The next morning the pair prepare to leave for a new life in the United States. However, when Chuncho watches as Tate cuts through a line to buy their train tickets, he begins to reconsider their relationship and his responsibilities. Learning that he had been further manipulated by Tate through his pretending to be an army prisoner, Chuncho suddenly declares that, although they are friends, he must kill him. Tate asks why, to which Chuncho replies "¿Quién sabe?", before shooting Tate dead while he is boarding the slowly moving train. The police arrive at the station and Tate's body begins its return to the United States while Chuncho, laughing maniacally, tosses his bag of money to a group of peasants near him and flees from the authorities down an external corridor of carriages, happily shouting and exhorting the poor to buy dynamite instead of bread.

==Cast==

- Gian Maria Volonté as Chucho/El Chucho/El Chuncho/Chuncho Muños
- Lou Castel as Bill "Niño" Tate/El Niño/Taylor
- Klaus Kinski as El Santo/Santo
- Martine Beswick as Adelita
- Jaime Fernández as General Elías
- Andrea Checchi as Don Felipe
- Spartaco Conversi as Eufemio
- Joaquín Parra as Picaro
- Aldo Sambrell as Lieutenant Alvaro Ferreira
- José Manuel Martín as Raimundo
- Santiago Santos as Guapo
- Valentino Macchi as Train Engineer

==Production==
The screenplay and story for A Bullet for the General is credited to Salvatore Laurani while Franco Solinas is credited with the adaptation and dialogue. Film historian Howard Hughes noted that A Bullet for the General was the first Italian Western to seriously deal with the Mexican revolution and credited Solinas with the political aspects on the film. Solinas was a Marxist writer best known in film for his screenplays for Salvatore Giuliano and The Battle of Algiers.

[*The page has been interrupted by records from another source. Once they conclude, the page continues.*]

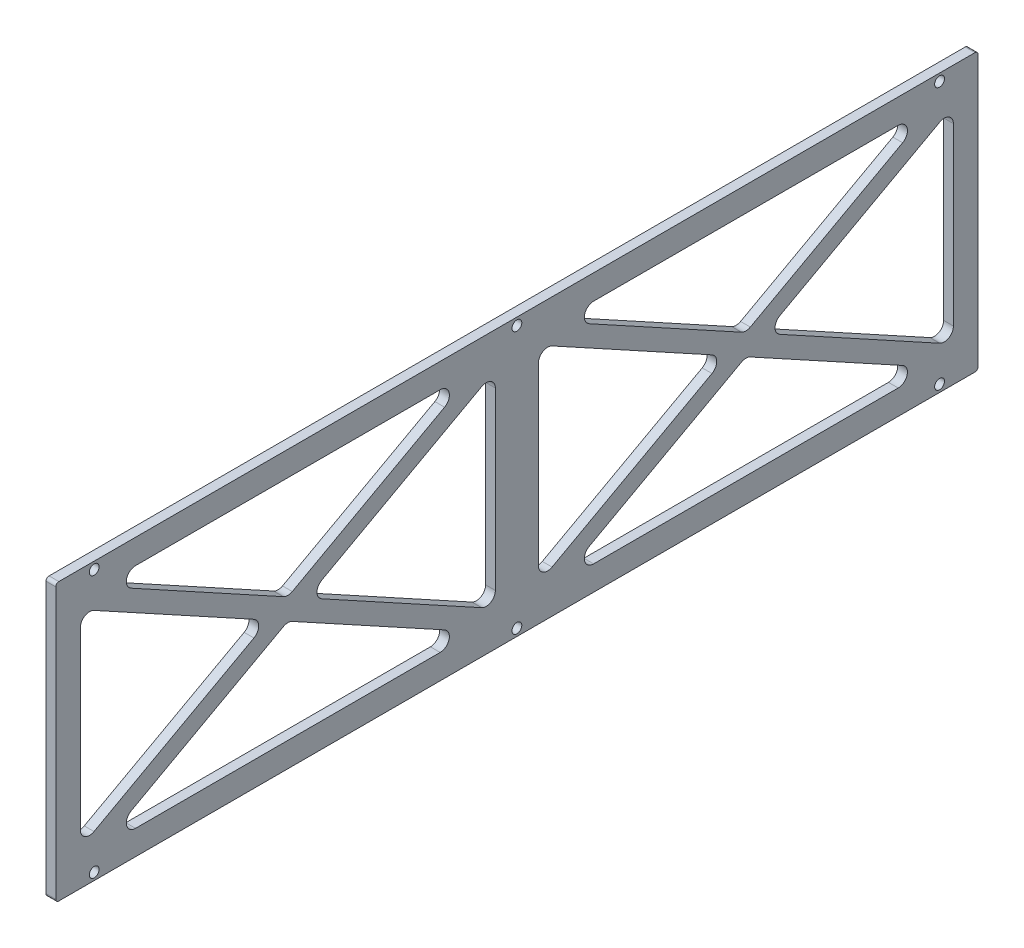
SolidWorks part; units mm, degrees
material "6061 Alloy"
ref_plane "Front Plane" through (0, 0, 0) normal (0, 0, 1) x (1, 0, 0)
ref_plane "Top Plane" through (0, 0, 0) normal (0, 1, 0) x (1, 0, 0)
ref_plane "Right Plane" through (0, 0, 0) normal (1, 0, 0) x (0, 0, -1)
sketch "Sketch2" plane through (0, 0, 0) normal (1, 0, 0) x (0, 0, -1)
  line L1 (-150, -45) -> (150, -45)
  line L2 (-150, -45) -> (-150, 45)
  line L3 (-150, 45) -> (150, 45)
  line L4 (150, -45) -> (150, 45)
  line L5 (-150, -45) -> (150, 45) construction
  line L6 (-150, 45) -> (150, -45) construction
  point P0 (0, 0)
  dimension "D1" = 300
  dimension "D2" = 90
extrude "Boss-Extrude1" add sketch "Sketch2" along normal blind 3.175
sketch "Sketch4" plane through (3.175, 0, 0) normal (1, 0, 0) x (0, 0, -1)
  line L0 (-150, 0) -> (-142, 0) construction
  line L1 (-142, -37) -> (-7, -37) construction
  line L2 (-142, -37) -> (-142, 37) construction
  line L3 (-142, 37) -> (-7, 37) construction
  line L4 (-7, -37) -> (-7, 37) construction
  line L5 (-142, -37) -> (-7, 37) construction
  line L6 (-142, 37) -> (-7, -37) construction
  line L7 (7, -37) -> (142, -37) construction
  line L8 (7, -37) -> (7, 37) construction
  line L9 (7, 37) -> (142, 37) construction
  line L10 (142, -37) -> (142, 37) construction
  line L11 (7, -37) -> (142, 37) construction
  line L12 (7, 37) -> (142, -37) construction
  line L13 (-150, 45) -> (-150, -45) construction
  line L14 (142, 0) -> (150, 0) construction
  line L15 (150, -45) -> (150, 45) construction
  line L17 (-143.442, 34.3693) -> (-8.442, -39.6307) construction
  line L18 (-142, 37) -> (-142, 45) construction
  line L19 (150, 45) -> (-150, 45) construction
  line L20 (-140.558, -39.6307) -> (-5.558, 34.3693) construction
  line L21 (-140.558, 39.6307) -> (-5.558, -34.3693) construction
  line L22 (-143.442, -34.3693) -> (-8.442, 39.6307) construction
  line L23 (-135.7587, 37) -> (-13.2413, 37)
  line L24 (-7, 33.5789) -> (-7, -33.5789)
  line L25 (-13.2413, -37) -> (-135.7587, -37)
  line L26 (-142, -33.5789) -> (-142, 33.5789)
  line L27 (-142, 33.5789) -> (-80.7413, 0)
  line L28 (-80.7413, 0) -> (-142, -33.5789)
  line L29 (-135.7587, -37) -> (-74.5, -3.4211)
  line L30 (-74.5, -3.4211) -> (-13.2413, -37)
  line L31 (-7, -33.5789) -> (-68.2587, 0)
  line L32 (-68.2587, 0) -> (-7, 33.5789)
  line L33 (-13.2413, 37) -> (-74.5, 3.4211)
  line L34 (-74.5, 3.4211) -> (-135.7587, 37)
  line L35 (5.558, 34.3693) -> (140.558, -39.6307) construction
  line L36 (8.442, -39.6307) -> (143.442, 34.3693) construction
  line L37 (8.442, 39.6307) -> (143.442, -34.3693) construction
  line L38 (5.558, -34.3693) -> (140.558, 39.6307) construction
  line L39 (135.7587, 37) -> (13.2413, 37)
  line L40 (13.2413, 37) -> (74.5, 3.4211)
  line L41 (74.5, 3.4211) -> (135.7587, 37)
  line L42 (142, 33.5789) -> (80.7413, 0)
  line L43 (80.7413, 0) -> (142, -33.5789)
  line L44 (142, -33.5789) -> (142, 33.5789)
  line L45 (135.7587, -37) -> (74.5, -3.4211)
  line L46 (74.5, -3.4211) -> (13.2413, -37)
  line L47 (13.2413, -37) -> (135.7587, -37)
  line L48 (7, -33.5789) -> (68.2587, 0)
  line L49 (68.2587, 0) -> (7, 33.5789)
  line L50 (7, 33.5789) -> (7, -33.5789)
  point P0 (-74.5, 0)
  point P5 (74.5, 0)
  dimension "D1" = 8
  dimension "D6" = 135
  dimension "D7" = 135
  dimension "D2" = 3
  dimension "D3" = 3
  dimension "D4" = 3
  dimension "D5" = 3
extrude "Cut-Extrude2" cut sketch "Sketch4" against normal through all
sketch "Sketch10" plane through (3.175, 0, 0) normal (1, 0, 0) x (0, 0, -1)
  line L0 (150, 45) -> (-150, 45) construction
  line L1 (-137.5, -42.6187) -> (137.5, -42.6187) construction
  line L2 (-137.5, -42.6187) -> (-137.5, 42.6187) construction
  line L3 (-137.5, 42.6187) -> (137.5, 42.6187) construction
  line L4 (137.5, -42.6187) -> (137.5, 42.6187) construction
  line L5 (-137.5, -42.6187) -> (137.5, 42.6187) construction
  line L6 (-137.5, 42.6187) -> (137.5, -42.6187) construction
  point P0 (0, 0)
  dimension "D1" = 2.3813
  dimension "D2" = 275
hole_wizard "M3 Clearance Hole1" positions "Sketch11" profile "Sketch12" hole size "M3" standard "ANSI Metric" end condition through all
sketch "Sketch11" plane through (3.175, 0, 0) normal (1, 0, 0) x (0, 0, -1)
  line L0 (-137.5, 42.6187) -> (137.5, 42.6187) construction
  line L1 (-137.5, -42.6187) -> (137.5, -42.6187) construction
  point P0 (-137.5, 42.6187)
  point P3 (137.5, 42.6187)
  point P6 (137.5, -42.6187)
  point P9 (-137.5, -42.6187)
  point P13 (0, 42.6188)
  point P17 (0, -42.6188)
sketch "Sketch12" plane through (3.175, 42.6187, 137.5) normal (0, 1, 0) x (0, 0, -1)
  line L0 (0, 0) -> (0, 3.175)
  line L1 (0, 3.175) -> (1.6, 3.175)
  line L2 (1.6, 3.175) -> (1.6, 0)
  line L5 (1.6, 0) -> (0, 0)
  line L11 (0, -6.35) -> (0, 107.95) construction
  dimension "Thru Hole Dia." = 3.2
  dimension "Thru Hole Depth" = 3.175
fillet "Fillet1" radius 3 24 edges at (1.5875, -37, -13.2413) (1.5875, -37, -135.7587) (1.5875, -3.4211, -74.5) (1.5875, -33.5789, -142) (1.5875, 33.5789, -142) (1.5875, 0, -80.7413) (1.5875, 37, -13.2413) (1.5875, 37, -135.7587) (1.5875, 3.4211, -74.5) (1.5875, 33.5789, -7) (1.5875, 0, -68.2587) (1.5875, -33.5789, -7) (1.5875, 37, 135.7587) (1.5875, 37, 13.2413) (1.5875, 3.4211, 74.5) (1.5875, 33.5789, 7) (1.5875, -33.5789, 7) (1.5875, 0, 68.2587) (1.5875, -37, 13.2413) (1.5875, -3.4211, 74.5) (1.5875, -37, 135.7587) (1.5875, 33.5789, 142) (1.5875, 0, 80.7413) (1.5875, -33.5789, 142)
fillet "Fillet2" radius 1 4 edges at (1.5875, -45, -150) (1.5875, -45, 150) (1.5875, 45, 150) (1.5875, 45, -150)

A Bullet for the General was directed by Damiano Damiani and shot in Almería between July and August 1966. Damiani had originally wanted to shoot the film in Mexico which proved to be impossible.

==Release==
A Bullet for the General was released in Italy on December 2, 1966.

==Reception==
In a contemporary review, the Monthly Film Bulletin declared the film to be "a lively sortie into the Mexican Revolution with a good deal of boisterous action and a spirited performance from Gian Maria Volonte". The review noted the running time cut from 135 minutes to 77 minutes, stating "substantial pruning unfortunately plays havoc with the continuity (a character who was clearly of some importance in the original is here reduced to a few marginal references)."

Damiano's film has been called a "serious statement about the Mexican Revolution" and has been recognised as an accomplished blend of "tension, action, politics and history".